Work task: Everything from the line with "#260=DIRECTION('',(1.,0.,0.));" through the end of the entries must be transcribed exactly; no other lines belong in the answer.

Data supplied:
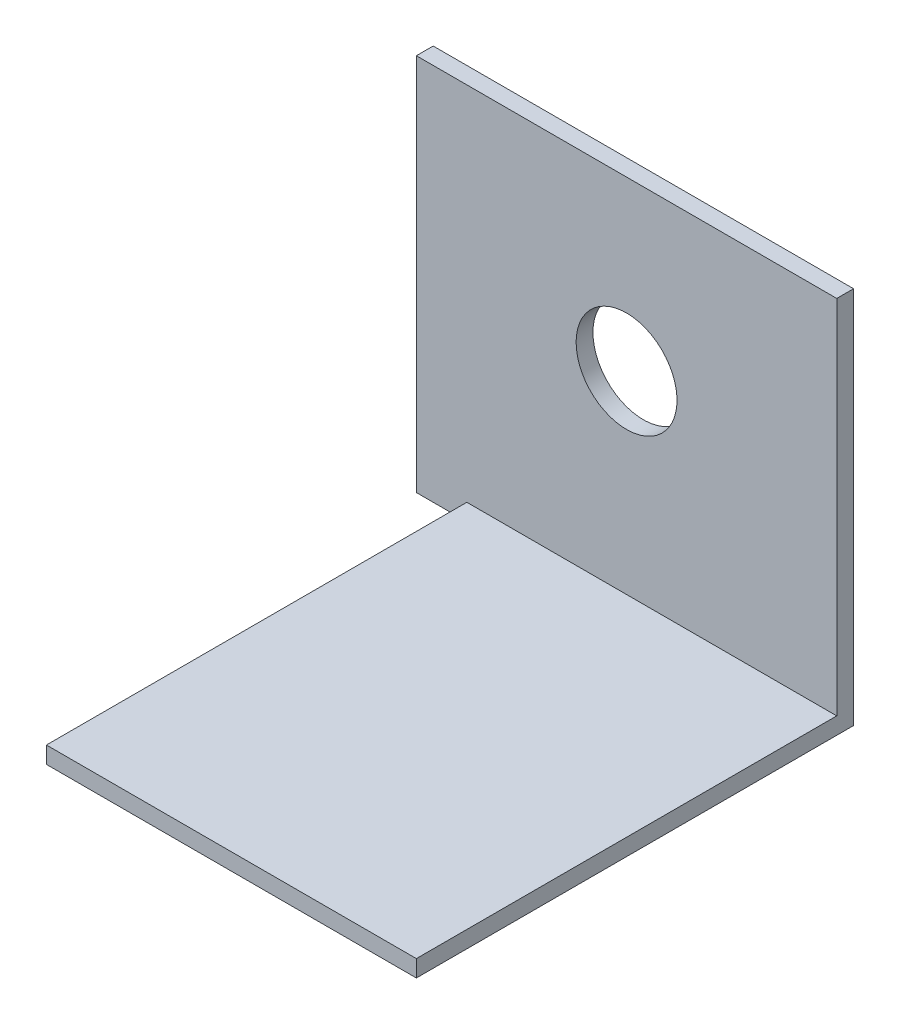
ISO-10303-21;
HEADER;
FILE_DESCRIPTION(('STEP AP214'),'2;1');
FILE_NAME('part.step','',(''),(''),'','','');
FILE_SCHEMA(('AUTOMOTIVE_DESIGN { 1 0 10303 214 1 1 1 1 }'));
ENDSEC;
DATA;
#1=APPLICATION_CONTEXT('core data for automotive mechanical design processes');
#2=APPLICATION_PROTOCOL_DEFINITION('international standard','automotive_design',2000,#1);
#3=PRODUCT_CONTEXT('',#1,'mechanical');
#4=PRODUCT('Part','Part','',(#3));
#5=PRODUCT_RELATED_PRODUCT_CATEGORY('part','',(#4));
#6=PRODUCT_DEFINITION_FORMATION('','',#4);
#7=PRODUCT_DEFINITION_CONTEXT('part definition',#1,'design');
#8=PRODUCT_DEFINITION('design','',#6,#7);
#9=PRODUCT_DEFINITION_SHAPE('','',#8);
#10=(LENGTH_UNIT() NAMED_UNIT(*) SI_UNIT(.MILLI.,.METRE.));
#11=(NAMED_UNIT(*) PLANE_ANGLE_UNIT() SI_UNIT($,.RADIAN.));
#12=(NAMED_UNIT(*) SI_UNIT($,.STERADIAN.) SOLID_ANGLE_UNIT());
#13=UNCERTAINTY_MEASURE_WITH_UNIT(LENGTH_MEASURE(1.E-05),#10,'distance_accuracy_value','');
#14=(GEOMETRIC_REPRESENTATION_CONTEXT(3) GLOBAL_UNCERTAINTY_ASSIGNED_CONTEXT((#13)) GLOBAL_UNIT_ASSIGNED_CONTEXT((#10,
#11,#12)) REPRESENTATION_CONTEXT('',''));
#15=CARTESIAN_POINT('',(0.,0.,0.));
#16=DIRECTION('',(0.,0.,1.));
#17=DIRECTION('',(1.,0.,0.));
#18=AXIS2_PLACEMENT_3D('',#15,#16,#17);
#19=CARTESIAN_POINT('',(0.,2.,0.));
#20=DIRECTION('',(1.,0.,0.));
#21=DIRECTION('',(0.,0.,-1.));
#22=AXIS2_PLACEMENT_3D('',#19,#20,#21);
#23=PLANE('',#22);
#24=DIRECTION('',(0.,0.,1.));
#25=VECTOR('',#24,1.);
#26=CARTESIAN_POINT('',(0.,0.,0.));
#27=LINE('',#26,#25);
#28=CARTESIAN_POINT('',(0.,0.,0.));
#29=VERTEX_POINT('',#28);
#30=CARTESIAN_POINT('',(0.,0.,50.));
#31=VERTEX_POINT('',#30);
#32=EDGE_CURVE('E92',#29,#31,#27,.T.);
#33=ORIENTED_EDGE('',*,*,#32,.T.);
#34=DIRECTION('',(0.,-1.,0.));
#35=VECTOR('',#34,1.);
#36=CARTESIAN_POINT('',(0.,2.,50.));
#37=LINE('',#36,#35);
#38=CARTESIAN_POINT('',(0.,2.,50.));
#39=VERTEX_POINT('',#38);
#40=EDGE_CURVE('E11',#39,#31,#37,.T.);
#41=ORIENTED_EDGE('',*,*,#40,.F.);
#42=DIRECTION('',(0.,0.,1.));
#43=VECTOR('',#42,1.);
#44=CARTESIAN_POINT('',(0.,2.,0.));
#45=LINE('',#44,#43);
#46=CARTESIAN_POINT('',(0.,2.,0.));
#47=VERTEX_POINT('',#46);
#48=EDGE_CURVE('E84',#47,#39,#45,.T.);
#49=ORIENTED_EDGE('',*,*,#48,.F.);
#50=DIRECTION('',(0.,-1.,0.));
#51=VECTOR('',#50,1.);
#52=CARTESIAN_POINT('',(0.,2.,0.));
#53=LINE('',#52,#51);
#54=EDGE_CURVE('E49',#47,#29,#53,.T.);
#55=ORIENTED_EDGE('',*,*,#54,.T.);
#56=EDGE_LOOP('',(#33,#41,#49,#55));
#57=FACE_BOUND('',#56,.T.);
#58=ADVANCED_FACE('F33',(#57),#23,.F.);
#59=CARTESIAN_POINT('',(0.,2.,50.));
#60=DIRECTION('',(0.,0.,-1.));
#61=DIRECTION('',(-1.,0.,0.));
#62=AXIS2_PLACEMENT_3D('',#59,#60,#61);
#63=PLANE('',#62);
#64=DIRECTION('',(1.,0.,0.));
#65=VECTOR('',#64,1.);
#66=CARTESIAN_POINT('',(0.,0.,50.));
#67=LINE('',#66,#65);
#68=CARTESIAN_POINT('',(44.,0.,50.));
#69=VERTEX_POINT('',#68);
#70=EDGE_CURVE('E62',#31,#69,#67,.T.);
#71=ORIENTED_EDGE('',*,*,#70,.T.);
#72=DIRECTION('',(0.,-1.,0.));
#73=VECTOR('',#72,1.);
#74=CARTESIAN_POINT('',(44.,2.,50.));
#75=LINE('',#74,#73);
#76=CARTESIAN_POINT('',(44.,2.,50.));
#77=VERTEX_POINT('',#76);
#78=EDGE_CURVE('E41',#77,#69,#75,.T.);
#79=ORIENTED_EDGE('',*,*,#78,.F.);
#80=DIRECTION('',(1.,0.,0.));
#81=VECTOR('',#80,1.);
#82=CARTESIAN_POINT('',(0.,2.,50.));
#83=LINE('',#82,#81);
#84=EDGE_CURVE('E74',#39,#77,#83,.T.);
#85=ORIENTED_EDGE('',*,*,#84,.F.);
#86=ORIENTED_EDGE('',*,*,#40,.T.);
#87=EDGE_LOOP('',(#71,#79,#85,#86));
#88=FACE_BOUND('',#87,.T.);
#89=ADVANCED_FACE('F76',(#88),#63,.F.);
#90=CARTESIAN_POINT('',(44.,2.,0.));
#91=DIRECTION('',(-1.,0.,0.));
#92=DIRECTION('',(0.,0.,1.));
#93=AXIS2_PLACEMENT_3D('',#90,#91,#92);
#94=PLANE('',#93);
#95=DIRECTION('',(0.,0.,-1.));
#96=VECTOR('',#95,1.);
#97=CARTESIAN_POINT('',(44.,0.,0.));
#98=LINE('',#97,#96);
#99=CARTESIAN_POINT('',(44.,0.,-2.));
#100=VERTEX_POINT('',#99);
#101=EDGE_CURVE('E90',#69,#100,#98,.T.);
#102=ORIENTED_EDGE('',*,*,#101,.T.);
#103=DIRECTION('',(0.,-1.,0.));
#104=VECTOR('',#103,1.);
#105=CARTESIAN_POINT('',(44.,0.,-2.));
#106=LINE('',#105,#104);
#107=CARTESIAN_POINT('',(44.,45.,-2.));
#108=VERTEX_POINT('',#107);
#109=EDGE_CURVE('E122',#108,#100,#106,.T.);
#110=ORIENTED_EDGE('',*,*,#109,.F.);
#111=DIRECTION('',(0.,0.,1.));
#112=VECTOR('',#111,1.);
#113=CARTESIAN_POINT('',(44.,45.,-2.));
#114=LINE('',#113,#112);
#115=CARTESIAN_POINT('',(44.,45.,0.));
#116=VERTEX_POINT('',#115);
#117=EDGE_CURVE('E142',#108,#116,#114,.T.);
#118=ORIENTED_EDGE('',*,*,#117,.T.);
#119=DIRECTION('',(0.,-1.,0.));
#120=VECTOR('',#119,1.);
#121=CARTESIAN_POINT('',(44.,0.,0.));
#122=LINE('',#121,#120);
#123=CARTESIAN_POINT('',(44.,2.,0.));
#124=VERTEX_POINT('',#123);
#125=EDGE_CURVE('E143',#116,#124,#122,.T.);
#126=ORIENTED_EDGE('',*,*,#125,.T.);
#127=DIRECTION('',(0.,0.,-1.));
#128=VECTOR('',#127,1.);
#129=CARTESIAN_POINT('',(44.,2.,0.));
#130=LINE('',#129,#128);
#131=EDGE_CURVE('E83',#77,#124,#130,.T.);
#132=ORIENTED_EDGE('',*,*,#131,.F.);
#133=ORIENTED_EDGE('',*,*,#78,.T.);
#134=EDGE_LOOP('',(#102,#110,#118,#126,#132,#133));
#135=FACE_BOUND('',#134,.T.);
#136=ADVANCED_FACE('F105',(#135),#94,.F.);
#137=CARTESIAN_POINT('',(0.,2.,0.));
#138=DIRECTION('',(0.,1.,0.));
#139=DIRECTION('',(0.,0.,1.));
#140=AXIS2_PLACEMENT_3D('',#137,#138,#139);
#141=PLANE('',#140);
#142=ORIENTED_EDGE('',*,*,#48,.T.);
#143=ORIENTED_EDGE('',*,*,#84,.T.);
#144=ORIENTED_EDGE('',*,*,#131,.T.);
#145=DIRECTION('',(-1.,0.,0.));
#146=VECTOR('',#145,1.);
#147=CARTESIAN_POINT('',(0.,2.,0.));
#148=LINE('',#147,#146);
#149=EDGE_CURVE('E88',#124,#47,#148,.T.);
#150=ORIENTED_EDGE('',*,*,#149,.T.);
#151=EDGE_LOOP('',(#142,#143,#144,#150));
#152=FACE_BOUND('',#151,.T.);
#153=ADVANCED_FACE('F87',(#152),#141,.T.);
#154=CARTESIAN_POINT('',(0.,0.,0.));
#155=DIRECTION('',(0.,1.,0.));
#156=DIRECTION('',(0.,0.,1.));
#157=AXIS2_PLACEMENT_3D('',#154,#155,#156);
#158=PLANE('',#157);
#159=ORIENTED_EDGE('',*,*,#32,.F.);
#160=DIRECTION('',(-1.,0.,0.));
#161=VECTOR('',#160,1.);
#162=CARTESIAN_POINT('',(44.,0.,0.));
#163=LINE('',#162,#161);
#164=CARTESIAN_POINT('',(-6.00000000000002,0.,0.));
#165=VERTEX_POINT('',#164);
#166=EDGE_CURVE('E67',#29,#165,#163,.T.);
#167=ORIENTED_EDGE('',*,*,#166,.T.);
#168=DIRECTION('',(0.,0.,1.));
#169=VECTOR('',#168,1.);
#170=CARTESIAN_POINT('',(-6.00000000000002,0.,-2.));
#171=LINE('',#170,#169);
#172=CARTESIAN_POINT('',(-6.00000000000002,0.,-2.));
#173=VERTEX_POINT('',#172);
#174=EDGE_CURVE('E93',#173,#165,#171,.T.);
#175=ORIENTED_EDGE('',*,*,#174,.F.);
#176=DIRECTION('',(-1.,0.,0.));
#177=VECTOR('',#176,1.);
#178=CARTESIAN_POINT('',(44.,0.,-2.));
#179=LINE('',#178,#177);
#180=EDGE_CURVE('E113',#100,#173,#179,.T.);
#181=ORIENTED_EDGE('',*,*,#180,.F.);
#182=ORIENTED_EDGE('',*,*,#101,.F.);
#183=ORIENTED_EDGE('',*,*,#70,.F.);
#184=EDGE_LOOP('',(#159,#167,#175,#181,#182,#183));
#185=FACE_BOUND('',#184,.T.);
#186=ADVANCED_FACE('F110',(#185),#158,.F.);
#187=CARTESIAN_POINT('',(0.,0.,0.));
#188=DIRECTION('',(0.,0.,1.));
#189=DIRECTION('',(1.,0.,0.));
#190=AXIS2_PLACEMENT_3D('',#187,#188,#189);
#191=PLANE('',#190);
#192=CARTESIAN_POINT('',(19.,25.,0.));
#193=DIRECTION('',(0.,0.,-1.));
#194=DIRECTION('',(-1.,0.,0.));
#195=AXIS2_PLACEMENT_3D('',#192,#193,#194);
#196=CIRCLE('',#195,6.);
#197=CARTESIAN_POINT('',(13.,25.,0.));
#198=VERTEX_POINT('',#197);
#199=EDGE_CURVE('E137',#198,#198,#196,.T.);
#200=ORIENTED_EDGE('',*,*,#199,.T.);
#201=EDGE_LOOP('',(#200));
#202=FACE_BOUND('',#201,.T.);
#203=ORIENTED_EDGE('',*,*,#54,.F.);
#204=ORIENTED_EDGE('',*,*,#149,.F.);
#205=ORIENTED_EDGE('',*,*,#125,.F.);
#206=DIRECTION('',(1.,0.,0.));
#207=VECTOR('',#206,1.);
#208=CARTESIAN_POINT('',(44.,45.,0.));
#209=LINE('',#208,#207);
#210=CARTESIAN_POINT('',(-6.00000000000001,45.,0.));
#211=VERTEX_POINT('',#210);
#212=EDGE_CURVE('E131',#211,#116,#209,.T.);
#213=ORIENTED_EDGE('',*,*,#212,.F.);
#214=DIRECTION('',(0.,1.,0.));
#215=VECTOR('',#214,1.);
#216=CARTESIAN_POINT('',(-6.00000000000002,0.,0.));
#217=LINE('',#216,#215);
#218=EDGE_CURVE('E134',#165,#211,#217,.T.);
#219=ORIENTED_EDGE('',*,*,#218,.F.);
#220=ORIENTED_EDGE('',*,*,#166,.F.);
#221=EDGE_LOOP('',(#203,#204,#205,#213,#219,#220));
#222=FACE_BOUND('',#221,.T.);
#223=ADVANCED_FACE('F161',(#202,#222),#191,.T.);
#224=CARTESIAN_POINT('',(0.,0.,-2.));
#225=DIRECTION('',(0.,0.,1.));
#226=DIRECTION('',(1.,0.,0.));
#227=AXIS2_PLACEMENT_3D('',#224,#225,#226);
#228=PLANE('',#227);
#229=ORIENTED_EDGE('',*,*,#109,.T.);
#230=ORIENTED_EDGE('',*,*,#180,.T.);
#231=DIRECTION('',(0.,1.,0.));
#232=VECTOR('',#231,1.);
#233=CARTESIAN_POINT('',(-6.00000000000002,0.,-2.));
#234=LINE('',#233,#232);
#235=CARTESIAN_POINT('',(-6.00000000000001,45.,-2.));
#236=VERTEX_POINT('',#235);
#237=EDGE_CURVE('E121',#173,#236,#234,.T.);
#238=ORIENTED_EDGE('',*,*,#237,.T.);
#239=DIRECTION('',(1.,0.,0.));
#240=VECTOR('',#239,1.);
#241=CARTESIAN_POINT('',(44.,45.,-2.));
#242=LINE('',#241,#240);
#243=EDGE_CURVE('E128',#236,#108,#242,.T.);
#244=ORIENTED_EDGE('',*,*,#243,.T.);
#245=EDGE_LOOP('',(#229,#230,#238,#244));
#246=FACE_BOUND('',#245,.T.);
#247=CARTESIAN_POINT('',(19.,25.,-2.));
#248=DIRECTION('',(0.,0.,-1.));
#249=DIRECTION('',(-1.,0.,0.));
#250=AXIS2_PLACEMENT_3D('',#247,#248,#249);
#251=CIRCLE('',#250,6.);
#252=CARTESIAN_POINT('',(13.,25.,-2.));
#253=VERTEX_POINT('',#252);
#254=EDGE_CURVE('E145',#253,#253,#251,.T.);
#255=ORIENTED_EDGE('',*,*,#254,.F.);
#256=EDGE_LOOP('',(#255));
#257=FACE_BOUND('',#256,.T.);
#258=ADVANCED_FACE('F125',(#246,#257),#228,.F.);
#259=CARTESIAN_POINT('',(-6.00000000000002,0.,-2.));
#260=DIRECTION('',(1.,0.,0.));
#261=DIRECTION('',(0.,1.,0.));
#262=AXIS2_PLACEMENT_3D('',#259,#260,#261);
#263=PLANE('',#262);
#264=ORIENTED_EDGE('',*,*,#218,.T.);
#265=DIRECTION('',(0.,0.,1.));
#266=VECTOR('',#265,1.);
#267=CARTESIAN_POINT('',(-6.00000000000001,45.,-2.));
#268=LINE('',#267,#266);
#269=EDGE_CURVE('E97',#236,#211,#268,.T.);
#270=ORIENTED_EDGE('',*,*,#269,.F.);
#271=ORIENTED_EDGE('',*,*,#237,.F.);
#272=ORIENTED_EDGE('',*,*,#174,.T.);
#273=EDGE_LOOP('',(#264,#270,#271,#272));
#274=FACE_BOUND('',#273,.T.);
#275=ADVANCED_FACE('F166',(#274),#263,.F.);
#276=CARTESIAN_POINT('',(44.,45.,-2.));
#277=DIRECTION('',(0.,-1.,0.));
#278=DIRECTION('',(1.,0.,0.));
#279=AXIS2_PLACEMENT_3D('',#276,#277,#278);
#280=PLANE('',#279);
#281=ORIENTED_EDGE('',*,*,#212,.T.);
#282=ORIENTED_EDGE('',*,*,#117,.F.);
#283=ORIENTED_EDGE('',*,*,#243,.F.);
#284=ORIENTED_EDGE('',*,*,#269,.T.);
#285=EDGE_LOOP('',(#281,#282,#283,#284));
#286=FACE_BOUND('',#285,.T.);
#287=ADVANCED_FACE('F155',(#286),#280,.F.);
#288=CARTESIAN_POINT('',(19.,25.,-2.));
#289=DIRECTION('',(0.,0.,1.));
#290=DIRECTION('',(1.,0.,0.));
#291=AXIS2_PLACEMENT_3D('',#288,#289,#290);
#292=CYLINDRICAL_SURFACE('',#291,6.);
#293=ORIENTED_EDGE('',*,*,#254,.T.);
#294=EDGE_LOOP('',(#293));
#295=FACE_BOUND('',#294,.T.);
#296=ORIENTED_EDGE('',*,*,#199,.F.);
#297=EDGE_LOOP('',(#296));
#298=FACE_BOUND('',#297,.T.);
#299=ADVANCED_FACE('F173',(#295,#298),#292,.F.);
#300=CLOSED_SHELL('',(#58,#89,#136,#153,#186,#223,#258,#275,#287,#299));
#301=MANIFOLD_SOLID_BREP('B2',#300);
#302=ADVANCED_BREP_SHAPE_REPRESENTATION('',(#18,#301),#14);
#303=SHAPE_DEFINITION_REPRESENTATION(#9,#302);
ENDSEC;
END-ISO-10303-21;

Reply to the exercise:
#260=DIRECTION('',(1.,0.,0.));
#261=DIRECTION('',(0.,1.,0.));
#262=AXIS2_PLACEMENT_3D('',#259,#260,#261);
#263=PLANE('',#262);
#264=ORIENTED_EDGE('',*,*,#218,.T.);
#265=DIRECTION('',(0.,0.,1.));
#266=VECTOR('',#265,1.);
#267=CARTESIAN_POINT('',(-6.00000000000001,45.,-2.));
#268=LINE('',#267,#266);
#269=EDGE_CURVE('E97',#236,#211,#268,.T.);
#270=ORIENTED_EDGE('',*,*,#269,.F.);
#271=ORIENTED_EDGE('',*,*,#237,.F.);
#272=ORIENTED_EDGE('',*,*,#174,.T.);
#273=EDGE_LOOP('',(#264,#270,#271,#272));
#274=FACE_BOUND('',#273,.T.);
#275=ADVANCED_FACE('F166',(#274),#263,.F.);
#276=CARTESIAN_POINT('',(44.,45.,-2.));
#277=DIRECTION('',(0.,-1.,0.));
#278=DIRECTION('',(1.,0.,0.));
#279=AXIS2_PLACEMENT_3D('',#276,#277,#278);
#280=PLANE('',#279);
#281=ORIENTED_EDGE('',*,*,#212,.T.);
#282=ORIENTED_EDGE('',*,*,#117,.F.);
#283=ORIENTED_EDGE('',*,*,#243,.F.);
#284=ORIENTED_EDGE('',*,*,#269,.T.);
#285=EDGE_LOOP('',(#281,#282,#283,#284));
#286=FACE_BOUND('',#285,.T.);
#287=ADVANCED_FACE('F155',(#286),#280,.F.);
#288=CARTESIAN_POINT('',(19.,25.,-2.));
#289=DIRECTION('',(0.,0.,1.));
#290=DIRECTION('',(1.,0.,0.));
#291=AXIS2_PLACEMENT_3D('',#288,#289,#290);
#292=CYLINDRICAL_SURFACE('',#291,6.);
#293=ORIENTED_EDGE('',*,*,#254,.T.);
#294=EDGE_LOOP('',(#293));
#295=FACE_BOUND('',#294,.T.);
#296=ORIENTED_EDGE('',*,*,#199,.F.);
#297=EDGE_LOOP('',(#296));
#298=FACE_BOUND('',#297,.T.);
#299=ADVANCED_FACE('F173',(#295,#298),#292,.F.);
#300=CLOSED_SHELL('',(#58,#89,#136,#153,#186,#223,#258,#275,#287,#299));
#301=MANIFOLD_SOLID_BREP('B2',#300);
#302=ADVANCED_BREP_SHAPE_REPRESENTATION('',(#18,#301),#14);
#303=SHAPE_DEFINITION_REPRESENTATION(#9,#302);
ENDSEC;
END-ISO-10303-21;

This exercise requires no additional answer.